INSTRUCTIONS TO FOLLOW:
Count the lines of data below that include "system". Provide only the number.

◆ ◆ ◆ ◆ ◆ ◆ ◆

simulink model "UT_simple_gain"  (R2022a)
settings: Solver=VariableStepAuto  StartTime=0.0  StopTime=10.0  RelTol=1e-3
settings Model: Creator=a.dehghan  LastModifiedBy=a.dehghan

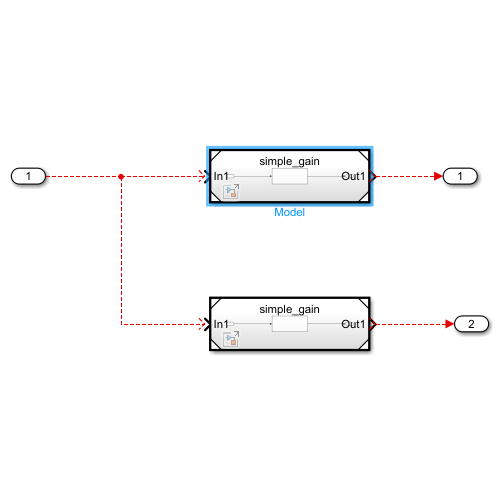
[thumbnail: Simulink's stored preview of the top-level diagram]
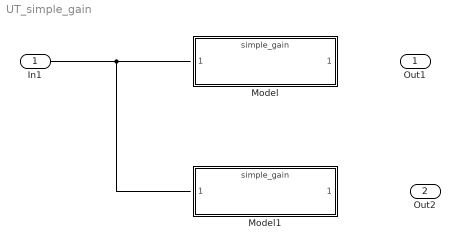
== system UT_simple_gain ==
  In1 : Inport
  Model : ModelReference  ModelNameDialog=simple_gain.slx  UsingDefaultArgumentValue=0  SimulationMode=Normal  ModelReferenceVersion=1.3
  Model1 : ModelReference  ModelNameDialog=simple_gain.slx  UsingDefaultArgumentValue=0  SimulationMode=Normal  ModelReferenceVersion=1.3
  Out1 : Outport
  Out2 : Outport  Port=2
  wires:
  In1/1 -> ?
  ? -> Out1/1
  ? -> Out2/1
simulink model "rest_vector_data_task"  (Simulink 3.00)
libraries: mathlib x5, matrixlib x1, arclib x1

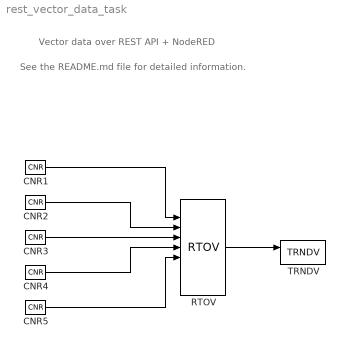
== system rest_vector_data_task ==
  note: See the README.md file for detailed information.
  note: Vector data over REST API + NodeRED
  CNR1 : mathlib/CNR  ycn=3.0
  CNR2 : mathlib/CNR  ycn=5.7
  CNR3 : mathlib/CNR  ycn=6.5
  CNR4 : mathlib/CNR  ycn=7.8
  CNR5 : mathlib/CNR  ycn=12
  RTOV : matrixlib/RTOV  nmax=5  offset=0  n=5  etype=8: Double
  TRNDV : arclib/TRNDV  n=5  l=2  btype=8: Double  pfac=1  afac=0  arc=0  id=1  Title=Trend Title  timesrc=1: CORETIMER
  wires:
  CNR1/1 -> RTOV/2
  CNR2/1 -> RTOV/3
  CNR3/1 -> RTOV/4
  CNR4/1 -> RTOV/5
  CNR5/1 -> RTOV/6
  RTOV/1 -> TRNDV/1

◆ ◆ ◆ ◆ ◆ ◆ ◆

RESPONSE TO THIS TASK:
2